• Exercise goal: Show each line of the records below where the word "False" occurs.

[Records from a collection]
-------
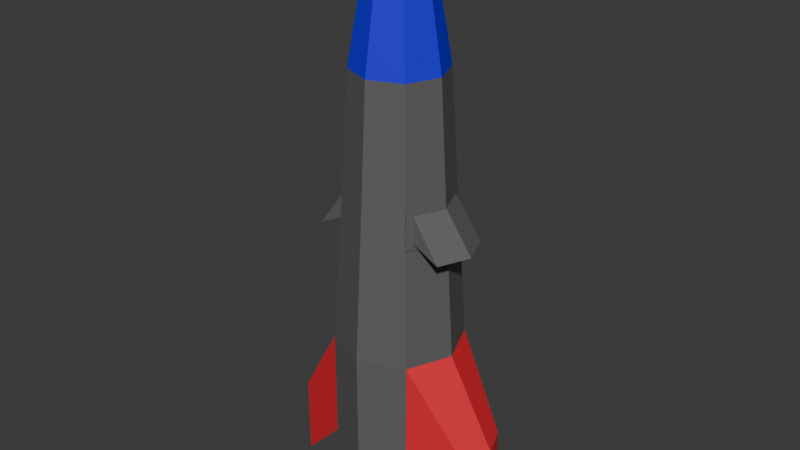 # Source: Rocket.blend  (saved by Blender 4.0.36; exported with 4.5.12 LTS)
import bpy
from mathutils import Matrix  # noqa: F401  (used for matrix-valued properties, if any)

bpy.ops.wm.read_factory_settings(use_empty=True)
scene = bpy.context.scene
scene.name = 'Scene'

# ---- collections
col_collection = bpy.data.collections.new('Collection'); scene.collection.children.link(col_collection)

# ---- materials (node trees are filled in below, after node groups)
mat_body = bpy.data.materials.new('Body')
mat_body.use_transparent_shadow = False
mat_tip = bpy.data.materials.new('tip')
mat_tip.use_transparent_shadow = False
mat_tail = bpy.data.materials.new('Tail')
mat_tail.alpha_threshold = 0.0
mat_tail.use_transparent_shadow = False
mat_tail.roughness = 0.5
mat_tail.line_color = (0.0, 0.0, 0.0, 1.0)

# ---- material node trees
mat_body.use_nodes = True; mat_body.node_tree.nodes.clear()
_N = mat_body.node_tree.nodes; _L = mat_body.node_tree.links
n0 = _N.new('ShaderNodeBsdfPrincipled'); n0.name = 'Principled BSDF'; n0.location = (63, 238)
n0.inputs[0].default_value = (0.1237, 0.1237, 0.1237, 1.0)
n0.inputs[3].default_value = 1.45
n1 = _N.new('ShaderNodeOutputMaterial'); n1.name = 'Material Output'; n1.location = (353, 238)
_L.new(n0.outputs[0], n1.inputs[0])
n1.is_active_output = True
mat_tip.use_nodes = True; mat_tip.node_tree.nodes.clear()
_N = mat_tip.node_tree.nodes; _L = mat_tip.node_tree.links
n0 = _N.new('ShaderNodeBsdfPrincipled'); n0.name = 'Principled BSDF'; n0.location = (10, 300)
n0.inputs[0].default_value = (0.0166, 0.0, 0.8002, 1.0)
n0.inputs[3].default_value = 1.45
n1 = _N.new('ShaderNodeOutputMaterial'); n1.name = 'Material Output'; n1.location = (300, 300)
_L.new(n0.outputs[0], n1.inputs[0])
n1.is_active_output = True
mat_tail.use_nodes = True; mat_tail.node_tree.nodes.clear()
_N = mat_tail.node_tree.nodes; _L = mat_tail.node_tree.links
n0 = _N.new('ShaderNodeOutputMaterial'); n0.name = 'Material Output'; n0.location = (300, 300)
n1 = _N.new('ShaderNodeBsdfPrincipled'); n1.name = 'Principled BSDF'; n1.location = (10, 300)
n1.inputs[0].default_value = (0.8006, 0.02375, 0.03765, 1.0)
n1.inputs[3].default_value = 1.45
_L.new(n1.outputs[0], n0.inputs[0])
n0.is_active_output = True

# ---- world
world_world = bpy.data.worlds.new('World'); scene.world = world_world
world_world.use_nodes = True; world_world.node_tree.nodes.clear()
_N = world_world.node_tree.nodes; _L = world_world.node_tree.links
n0 = _N.new('ShaderNodeOutputWorld'); n0.name = 'World Output'; n0.location = (300, 300)
n1 = _N.new('ShaderNodeBackground'); n1.name = 'Background'; n1.location = (10, 300)
n1.inputs[0].default_value = (0.05088, 0.05088, 0.05088, 1.0)
_L.new(n1.outputs[0], n0.inputs[0])
n0.is_active_output = True
world_world.color = (0.05088, 0.05088, 0.05088)
world_world.use_sun_shadow = False
world_world.sun_shadow_jitter_overblur = 0.0

# ---- meshes
me_cylinder = bpy.data.meshes.new('Cylinder')
me_cylinder.from_pydata([(0.0, 1.0, -4.275), (0.0, 0.7209, 1.773), (1.0, 0.0, -4.275), (0.0, -1.0, -4.275), (0.0, -0.7209, 1.773), (0.0, 1.0, -2.511), (1.0, 0.0, -2.511), (0.0, -1.0, -2.511), (1.579, 0.4592, -5.21), (1.77, 0.0, -5.21), (1.77, 0.0, -3.9), (0.0, 0.8312, -0.01187), (0.0, -0.8312, -0.01187), (-0.6374, -0.4865, -0.1271), (-0.8378, 0.0, -0.1272), (-0.6374, 0.4865, -0.1271), (0.0, 0.4291, 2.872), (0.3034, -0.3034, 2.872), (0.0, -0.4291, 2.872), (-0.3034, -0.3034, 2.872), (-0.3034, 0.3034, 2.872), (0.0, 0.531, 2.872), (0.0, -0.531, 2.872), (-0.3755, -0.3755, 2.872), (0.0, 0.1553, 3.501), (0.1098, -0.1098, 3.501), (0.0, -0.1553, 3.501), (-0.1553, 0.0, 3.501), (0.1519, 0.1519, 3.501), (0.0, 0.2148, 3.501), (0.1519, -0.1519, 3.501), (0.0, -0.2148, 3.501), (-0.1519, 0.1519, 3.501), (0.04069, 0.04069, 3.902), (0.0, 0.05754, 3.902), (0.0, -0.05754, 3.902), (-0.04069, 0.04069, 3.902), (-0.7071, 0.7071, -4.275), (-0.5097, 0.5097, 1.773), (-0.5097, -0.5097, 1.773), (0.7071, 0.7071, -4.275), (0.5097, 0.5097, 1.773), (0.7071, 0.7071, -2.511), (-1.579, 0.4592, -3.9), (-1.579, 0.4592, -5.21), (-1.77, 0.0, -3.9), (-1.579, -0.4592, -5.21), (0.5877, -0.5877, -0.01187), (0.4291, 0.0, 2.872), (-0.531, 0.0, 2.872), (0.3755, -0.3755, 2.872), (0.531, 0.0, 2.872), (-0.1098, 0.1098, 3.501), (0.1553, 0.0, 3.501), (0.1098, 0.1098, 3.501), (-0.1519, -0.1519, 3.501), (0.2148, 0.0, 3.501), (0.0, 0.8741, -0.6467), (0.0, -0.8741, -0.6467), (-0.6181, -0.6181, -0.6467), (-0.6568, -0.5058, -0.5315), (-0.6568, 0.5058, -0.5315), (-0.7071, 0.7071, -2.511), (-0.5877, 0.5877, -0.01187), (-0.8674, 0.0, -0.5314), (-0.6181, 0.6181, -0.6467), (-0.8454, 0.0, -0.1272), (-1.296, 0.0, -0.7533), (-0.645, -0.4865, -0.1271), (-0.645, 0.4865, -0.1271), (-1.086, -0.5058, -0.7534), (-1.086, 0.5058, -0.7534), (-1.0, 0.0, -4.275), (-0.7209, 0.0, 1.773), (-1.0, 0.0, -2.511), (-1.77, 0.0, -5.21), (-1.579, -0.4592, -3.9), (0.6374, -0.4865, -0.1271), (0.8378, 0.0, -0.1272), (0.6374, 0.4865, -0.1271), (0.3034, 0.3034, 2.872), (-0.3755, 0.3755, 2.872), (0.3755, 0.3755, 2.872), (-0.1098, -0.1098, 3.501), (-0.05754, 0.0, 3.902), (-0.04069, -0.04069, 3.902), (0.04069, -0.04069, 3.902), (0.7209, 0.0, 1.773), (0.7071, -0.7071, -4.275), (0.5097, -0.5097, 1.773), (-0.7071, -0.7071, -4.275), (-0.7071, -0.7071, -2.511), (1.579, 0.4592, -3.9), (1.579, -0.4592, -5.21), (1.579, -0.4592, -3.9), (-0.5877, -0.5877, -0.01187), (-0.8312, 0.0, -0.01187), (-0.4291, 0.0, 2.872), (-0.2148, 0.0, 3.501), (0.05754, 0.0, 3.902), (0.8741, 0.0, -0.6467), (-0.8741, 0.0, -0.6467), (0.6181, -0.6181, -0.6467), (0.6568, -0.5058, -0.5315), (0.7071, -0.7071, -2.511), (0.6568, 0.5058, -0.5315), (0.8312, 0.0, -0.01187), (0.5877, 0.5877, -0.01187), (0.8674, 0.0, -0.5314), (0.6181, 0.6181, -0.6467), (0.8454, 0.0, -0.1272), (1.296, 0.0, -0.7533), (0.645, -0.4865, -0.1271), (0.645, 0.4865, -0.1271), (1.086, -0.5058, -0.7534), (1.086, 0.5058, -0.7534)], [], [(109, 107, 106, 100), (100, 106, 47, 102), (58, 12, 95, 59), (14, 15, 69, 66), (15, 61, 71, 69), (65, 63, 11, 57), (0, 40, 2, 88, 3, 90, 72, 37), (72, 74, 62, 37), (88, 2, 9, 93), (9, 10, 94, 93), (8, 92, 10, 9), (42, 6, 10, 92), (40, 42, 92, 8), (6, 104, 94, 10), (2, 40, 8, 9), (1, 41, 107, 11), (41, 87, 106, 107), (87, 89, 47, 106), (4, 39, 95, 12), (39, 73, 96, 95), (73, 38, 63, 96), (38, 1, 11, 63), (48, 80, 28, 56), (87, 41, 82, 51), (38, 73, 49, 81), (39, 4, 22, 23), (89, 87, 51, 50), (41, 1, 21, 82), (1, 38, 81, 21), (73, 39, 23, 49), (80, 48, 51, 82), (48, 17, 50, 51), (17, 18, 22, 50), (18, 19, 23, 22), (19, 97, 49, 23), (97, 20, 81, 49), (20, 16, 21, 81), (53, 54, 33, 99), (20, 97, 98, 32), (19, 18, 31, 55), (17, 48, 56, 30), (80, 16, 29, 28), (16, 20, 32, 29), (97, 19, 55, 98), (18, 17, 30, 31), (24, 54, 28, 29), (54, 53, 56, 28), (53, 25, 30, 56), (25, 26, 31, 30), (83, 27, 98, 55), (27, 52, 32, 98), (52, 24, 29, 32), (33, 34, 36, 84, 85, 35, 86, 99), (52, 27, 84, 36), (25, 53, 99, 86), (54, 24, 34, 33), (24, 52, 36, 34), (27, 83, 85, 84), (26, 25, 86, 35), (58, 102, 47, 12), (40, 0, 5, 42), (2, 40, 42, 6), (88, 2, 6, 104), (90, 46, 75, 72), (91, 76, 46, 90), (0, 37, 62, 5), (75, 46, 76, 45), (44, 75, 45, 43), (62, 43, 45, 74), (37, 44, 43, 62), (74, 45, 76, 91), (72, 75, 44, 37), (4, 12, 47, 89), (89, 50, 22, 4), (83, 55, 31, 26), (7, 104, 102, 58), (62, 65, 57, 5), (7, 58, 59, 91), (6, 100, 102, 104), (42, 109, 100, 6), (5, 57, 109, 42), (14, 13, 95, 96), (15, 14, 96, 63), (13, 60, 59, 95), (61, 15, 63, 65), (64, 61, 65, 101), (60, 64, 101, 59), (70, 68, 66, 67), (67, 66, 69, 71), (61, 64, 67, 71), (60, 13, 68, 70), (13, 14, 66, 68), (64, 60, 70, 67), (65, 101, 96, 63), (101, 59, 95, 96), (78, 110, 113, 79), (79, 113, 115, 105), (109, 57, 11, 107), (80, 82, 21, 16), (26, 35, 85, 83), (90, 91, 74, 72), (3, 7, 91, 90), (88, 104, 7, 3), (104, 88, 93, 94), (74, 91, 59, 101), (62, 74, 101, 65), (78, 106, 47, 77), (79, 107, 106, 78), (77, 47, 102, 103), (105, 109, 107, 79), (108, 100, 109, 105), (103, 102, 100, 108), (114, 111, 110, 112), (111, 115, 113, 110), (105, 115, 111, 108), (103, 114, 112, 77), (77, 112, 110, 78), (108, 111, 114, 103)])
me_cylinder.polygons.foreach_set('material_index', [0, 0, 0, 0, 0, 0, 0, 0, 0, 2, 2, 2, 2, 2, 0, 0, 0, 0, 0, 0, 0, 0, 1, 1, 1, 1, 1, 1, 1, 1, 1, 1, 1, 1, 1, 1, 1, 1, 1, 1, 1, 1, 1, 1, 1, 1, 1, 1, 1, 1, 1, 1, 1, 1, 1, 1, 1, 1, 1, 0, 0, 0, 0, 0, 2, 0, 2, 2, 2, 2, 2, 0, 0, 1, 1, 0, 0, 0, 0, 0, 0, 0, 0, 0, 0, 0, 0, 0, 0, 0, 0, 0, 0, 0, 0, 0, 0, 0, 1, 1, 0, 0, 0, 2, 0, 0, 0, 0, 0, 0, 0, 0, 0, 0, 0, 0, 0, 0])
_uv = me_cylinder.uv_layers.new(name='UVMap')
_uv.uv.foreach_set('vector', [0.875, 0.8986, 0.875, 1.0, 0.75, 1.0, 0.75, 0.8986, 0.75, 0.8986, 0.75, 1.0, 0.625, 1.0, 0.625, 0.8986, 0.5, 0.8986, 0.5, 1.0, 0.375, 1.0, 0.375, 0.8986, 0.2499, 0.9816, 0.1474, 0.9816, 0.1474, 0.9816, 0.2499, 0.9816, 0.1474, 0.9816, 0.1469, 0.917, 0.1469, 0.917, 0.1474, 0.9816, 0.125, 0.8986, 0.125, 1.0, 0.0, 1.0, 0.0, 0.8986, 0.75, 0.49, 0.9197, 0.4197, 0.99, 0.25, 0.9197, 0.08029, 0.75, 0.01, 0.5803, 0.08029, 0.51, 0.25, 0.5803, 0.4197, 0.25, 0.5, 0.25, 0.6009, 0.125, 0.6009, 0.125, 0.5, 0.9197, 0.08029, 0.99, 0.25, 0.99, 0.25, 0.9197, 0.08029, 0.75, 0.5, 0.75, 0.6009, 0.625, 0.6009, 0.625, 0.5, 0.875, 0.5, 0.875, 0.6009, 0.75, 0.6009, 0.75, 0.5, 0.875, 0.6009, 0.75, 0.6009, 0.75, 0.6009, 0.875, 0.6009, 0.875, 0.5, 0.875, 0.6009, 0.875, 0.6009, 0.875, 0.5, 0.75, 0.6009, 0.625, 0.6009, 0.625, 0.6009, 0.75, 0.6009, 0.99, 0.25, 0.9197, 0.4197, 0.9197, 0.4197, 0.99, 0.25, 0.25, 0.423, 0.3723, 0.3723, 0.4197, 0.4197, 0.25, 0.49, 0.3723, 0.3723, 0.423, 0.25, 0.49, 0.25, 0.4197, 0.4197, 0.423, 0.25, 0.3723, 0.1277, 0.4197, 0.08029, 0.49, 0.25, 0.25, 0.07699, 0.1277, 0.1277, 0.08029, 0.08029, 0.25, 0.01, 0.1277, 0.1277, 0.07699, 0.25, 0.01, 0.25, 0.08029, 0.08029, 0.07699, 0.25, 0.1277, 0.3723, 0.08029, 0.4197, 0.01, 0.25, 0.1277, 0.3723, 0.25, 0.423, 0.25, 0.49, 0.08029, 0.4197, 0.3898, 0.25, 0.3489, 0.3489, 0.3489, 0.3489, 0.3898, 0.25, 0.423, 0.25, 0.3723, 0.3723, 0.3723, 0.3723, 0.423, 0.25, 0.1277, 0.3723, 0.07699, 0.25, 0.07699, 0.25, 0.1277, 0.3723, 0.1277, 0.1277, 0.25, 0.07699, 0.25, 0.07699, 0.1277, 0.1277, 0.3723, 0.1277, 0.423, 0.25, 0.423, 0.25, 0.3723, 0.1277, 0.3723, 0.3723, 0.25, 0.423, 0.25, 0.423, 0.3723, 0.3723, 0.25, 0.423, 0.1277, 0.3723, 0.1277, 0.3723, 0.25, 0.423, 0.07699, 0.25, 0.1277, 0.1277, 0.1277, 0.1277, 0.07699, 0.25, 0.3489, 0.3489, 0.3898, 0.25, 0.423, 0.25, 0.3723, 0.3723, 0.3898, 0.25, 0.3489, 0.1511, 0.3723, 0.1277, 0.423, 0.25, 0.3489, 0.1511, 0.25, 0.1102, 0.25, 0.07699, 0.3723, 0.1277, 0.25, 0.1102, 0.1511, 0.1511, 0.1277, 0.1277, 0.25, 0.07699, 0.1511, 0.1511, 0.1102, 0.25, 0.07699, 0.25, 0.1277, 0.1277, 0.1102, 0.25, 0.1511, 0.3489, 0.1277, 0.3723, 0.07699, 0.25, 0.1511, 0.3489, 0.25, 0.3898, 0.25, 0.423, 0.1277, 0.3723, 0.351, 0.25, 0.3214, 0.3214, 0.3214, 0.3214, 0.351, 0.25, 0.1511, 0.3489, 0.1102, 0.25, 0.1102, 0.25, 0.1511, 0.3489, 0.1511, 0.1511, 0.25, 0.1102, 0.25, 0.1102, 0.1511, 0.1511, 0.3489, 0.1511, 0.3898, 0.25, 0.3898, 0.25, 0.3489, 0.1511, 0.3489, 0.3489, 0.25, 0.3898, 0.25, 0.3898, 0.3489, 0.3489, 0.25, 0.3898, 0.1511, 0.3489, 0.1511, 0.3489, 0.25, 0.3898, 0.1102, 0.25, 0.1511, 0.1511, 0.1511, 0.1511, 0.1102, 0.25, 0.25, 0.1102, 0.3489, 0.1511, 0.3489, 0.1511, 0.25, 0.1102, 0.25, 0.351, 0.3214, 0.3214, 0.3489, 0.3489, 0.25, 0.3898, 0.3214, 0.3214, 0.351, 0.25, 0.3898, 0.25, 0.3489, 0.3489, 0.351, 0.25, 0.3214, 0.1786, 0.3489, 0.1511, 0.3898, 0.25, 0.3214, 0.1786, 0.25, 0.149, 0.25, 0.1102, 0.3489, 0.1511, 0.1786, 0.1786, 0.149, 0.25, 0.1102, 0.25, 0.1511, 0.1511, 0.149, 0.25, 0.1786, 0.3214, 0.1511, 0.3489, 0.1102, 0.25, 0.1786, 0.3214, 0.25, 0.351, 0.25, 0.3898, 0.1511, 0.3489, 0.3214, 0.3214, 0.25, 0.351, 0.1786, 0.3214, 0.149, 0.25, 0.1786, 0.1786, 0.25, 0.149, 0.3214, 0.1786, 0.351, 0.25, 0.1786, 0.3214, 0.149, 0.25, 0.149, 0.25, 0.1786, 0.3214, 0.3214, 0.1786, 0.351, 0.25, 0.351, 0.25, 0.3214, 0.1786, 0.3214, 0.3214, 0.25, 0.351, 0.25, 0.351, 0.3214, 0.3214, 0.25, 0.351, 0.1786, 0.3214, 0.1786, 0.3214, 0.25, 0.351, 0.149, 0.25, 0.1786, 0.1786, 0.1786, 0.1786, 0.149, 0.25, 0.25, 0.149, 0.3214, 0.1786, 0.3214, 0.1786, 0.25, 0.149, 0.5, 0.8986, 0.375, 0.8986, 0.375, 1.0, 0.5, 1.0, 0.125, 0.5, 0.0, 0.5, 0.0, 0.6009, 0.125, 0.6009, 0.25, 0.5, 0.125, 0.5, 0.125, 0.6009, 0.25, 0.6009, 0.375, 0.5, 0.25, 0.5, 0.25, 0.6009, 0.375, 0.6009, 0.9197, 0.08029, 0.9197, 0.08029, 0.99, 0.25, 0.99, 0.25, 0.625, 0.6009, 0.625, 0.6009, 0.625, 0.5, 0.625, 0.5, 1.0, 0.5, 0.875, 0.5, 0.875, 0.6009, 1.0, 0.6009, 0.75, 0.5, 0.625, 0.5, 0.625, 0.6009, 0.75, 0.6009, 0.875, 0.5, 0.75, 0.5, 0.75, 0.6009, 0.875, 0.6009, 0.875, 0.6009, 0.875, 0.6009, 0.75, 0.6009, 0.75, 0.6009, 0.875, 0.5, 0.875, 0.5, 0.875, 0.6009, 0.875, 0.6009, 0.75, 0.6009, 0.75, 0.6009, 0.625, 0.6009, 0.625, 0.6009, 0.99, 0.25, 0.99, 0.25, 0.9197, 0.4197, 0.9197, 0.4197, 0.25, 0.07699, 0.25, 0.01, 0.08029, 0.08029, 0.1277, 0.1277, 0.1277, 0.1277, 0.1277, 0.1277, 0.25, 0.07699, 0.25, 0.07699, 0.3214, 0.1786, 0.3489, 0.1511, 0.25, 0.1102, 0.25, 0.149, 0.5, 0.6009, 0.375, 0.6009, 0.375, 0.8986, 0.5, 0.8986, 0.125, 0.6009, 0.125, 0.8986, 0.0, 0.8986, 0.0, 0.6009, 0.5, 0.6009, 0.5, 0.8986, 0.375, 0.8986, 0.375, 0.6009, 0.75, 0.6009, 0.75, 0.8986, 0.625, 0.8986, 0.625, 0.6009, 0.875, 0.6009, 0.875, 0.8986, 0.75, 0.8986, 0.75, 0.6009, 1.0, 0.6009, 1.0, 0.8986, 0.875, 0.8986, 0.875, 0.6009, 0.2499, 0.9816, 0.3526, 0.9816, 0.375, 1.0, 0.25, 1.0, 0.1474, 0.9816, 0.2499, 0.9816, 0.25, 1.0, 0.125, 1.0, 0.3526, 0.9816, 0.3531, 0.917, 0.375, 0.8986, 0.375, 1.0, 0.1469, 0.917, 0.1474, 0.9816, 0.125, 1.0, 0.125, 0.8986, 0.2499, 0.917, 0.1469, 0.917, 0.125, 0.8986, 0.25, 0.8986, 0.3531, 0.917, 0.2499, 0.917, 0.25, 0.8986, 0.375, 0.8986, 0.3531, 0.917, 0.3526, 0.9816, 0.2499, 0.9816, 0.2499, 0.917, 0.2499, 0.917, 0.2499, 0.9816, 0.1474, 0.9816, 0.1469, 0.917, 0.1469, 0.917, 0.2499, 0.917, 0.2499, 0.917, 0.1469, 0.917, 0.3531, 0.917, 0.3526, 0.9816, 0.3526, 0.9816, 0.3531, 0.917, 0.3526, 0.9816, 0.2499, 0.9816, 0.2499, 0.9816, 0.3526, 0.9816, 0.2499, 0.917, 0.3531, 0.917, 0.3531, 0.917, 0.2499, 0.917, 0.875, 0.8986, 0.75, 0.8986, 0.75, 1.0, 0.875, 1.0, 0.75, 0.8986, 0.625, 0.8986, 0.625, 1.0, 0.75, 1.0, 0.2499, 0.9816, 0.2499, 0.9816, 0.1474, 0.9816, 0.1474, 0.9816, 0.1474, 0.9816, 0.1474, 0.9816, 0.1469, 0.917, 0.1469, 0.917, 0.125, 0.8986, 0.0, 0.8986, 0.0, 1.0, 0.125, 1.0, 0.1511, 0.3489, 0.1277, 0.3723, 0.25, 0.423, 0.25, 0.3898, 0.25, 0.149, 0.25, 0.149, 0.3214, 0.1786, 0.3214, 0.1786, 0.375, 0.5, 0.375, 0.6009, 0.25, 0.6009, 0.25, 0.5, 0.5, 0.5, 0.5, 0.6009, 0.375, 0.6009, 0.375, 0.5, 0.625, 0.5, 0.625, 0.6009, 0.5, 0.6009, 0.5, 0.5, 0.625, 0.6009, 0.625, 0.5, 0.625, 0.5, 0.625, 0.6009, 0.75, 0.6009, 0.625, 0.6009, 0.625, 0.8986, 0.75, 0.8986, 0.875, 0.6009, 0.75, 0.6009, 0.75, 0.8986, 0.875, 0.8986, 0.2499, 0.9816, 0.25, 1.0, 0.375, 1.0, 0.3526, 0.9816, 0.1474, 0.9816, 0.125, 1.0, 0.25, 1.0, 0.2499, 0.9816, 0.3526, 0.9816, 0.375, 1.0, 0.375, 0.8986, 0.3531, 0.917, 0.1469, 0.917, 0.125, 0.8986, 0.125, 1.0, 0.1474, 0.9816, 0.2499, 0.917, 0.25, 0.8986, 0.125, 0.8986, 0.1469, 0.917, 0.3531, 0.917, 0.375, 0.8986, 0.25, 0.8986, 0.2499, 0.917, 0.3531, 0.917, 0.2499, 0.917, 0.2499, 0.9816, 0.3526, 0.9816, 0.2499, 0.917, 0.1469, 0.917, 0.1474, 0.9816, 0.2499, 0.9816, 0.1469, 0.917, 0.1469, 0.917, 0.2499, 0.917, 0.2499, 0.917, 0.3531, 0.917, 0.3531, 0.917, 0.3526, 0.9816, 0.3526, 0.9816, 0.3526, 0.9816, 0.3526, 0.9816, 0.2499, 0.9816, 0.2499, 0.9816, 0.2499, 0.917, 0.2499, 0.917, 0.3531, 0.917, 0.3531, 0.917])
me_cylinder.materials.append(mat_body)
me_cylinder.materials.append(mat_tip)
me_cylinder.materials.append(mat_tail)
me_cylinder.update()

# ---- objects
ob_cylinder = bpy.data.objects.new('Cylinder', me_cylinder)

# ---- transforms, parenting, visibility, modifiers, constraints
ob_cylinder.location = (0.0, 0.0, 0.0)

# ---- collection membership
col_collection.objects.link(ob_cylinder)

# ---- scene / render settings (as saved in the file)
scene.frame_start = 1; scene.frame_end = 250; scene.frame_set(1)
scene.render.engine = 'BLENDER_EEVEE_NEXT'
scene.cycles.sampling_pattern = 'TABULATED_SOBOL'
bpy.context.view_layer.update()

# ---- added for rendering (the .blend has no active camera and no usable light): camera, sun
cam_auto = bpy.data.cameras.new('AutoCamera')
cam_auto.lens = 50.0
cam_auto.sensor_width = 36.0
cam_auto.clip_end = 1000.0
ob_auto_camera = bpy.data.objects.new('AutoCamera', cam_auto)
scene.collection.objects.link(ob_auto_camera)
ob_auto_camera.location = (9.23125, -11.0775, 6.73108)
ob_auto_camera.rotation_euler = (1.09748, -7.21219e-08, 0.694738)
scene.camera = ob_auto_camera
light_auto_sun = bpy.data.lights.new('AutoSun', 'SUN')
light_auto_sun.energy = 3.0
light_auto_sun.angle = 0.0523599
ob_auto_sun = bpy.data.objects.new('AutoSun', light_auto_sun)
scene.collection.objects.link(ob_auto_sun)
ob_auto_sun.rotation_euler = (0.872665, 0.174533, 0.523599)
bpy.context.view_layer.update()
-------
• Expected answer:
mat_body.use_transparent_shadow = False
mat_tip.use_transparent_shadow = False
mat_tail.use_transparent_shadow = False
world_world.use_sun_shadow = False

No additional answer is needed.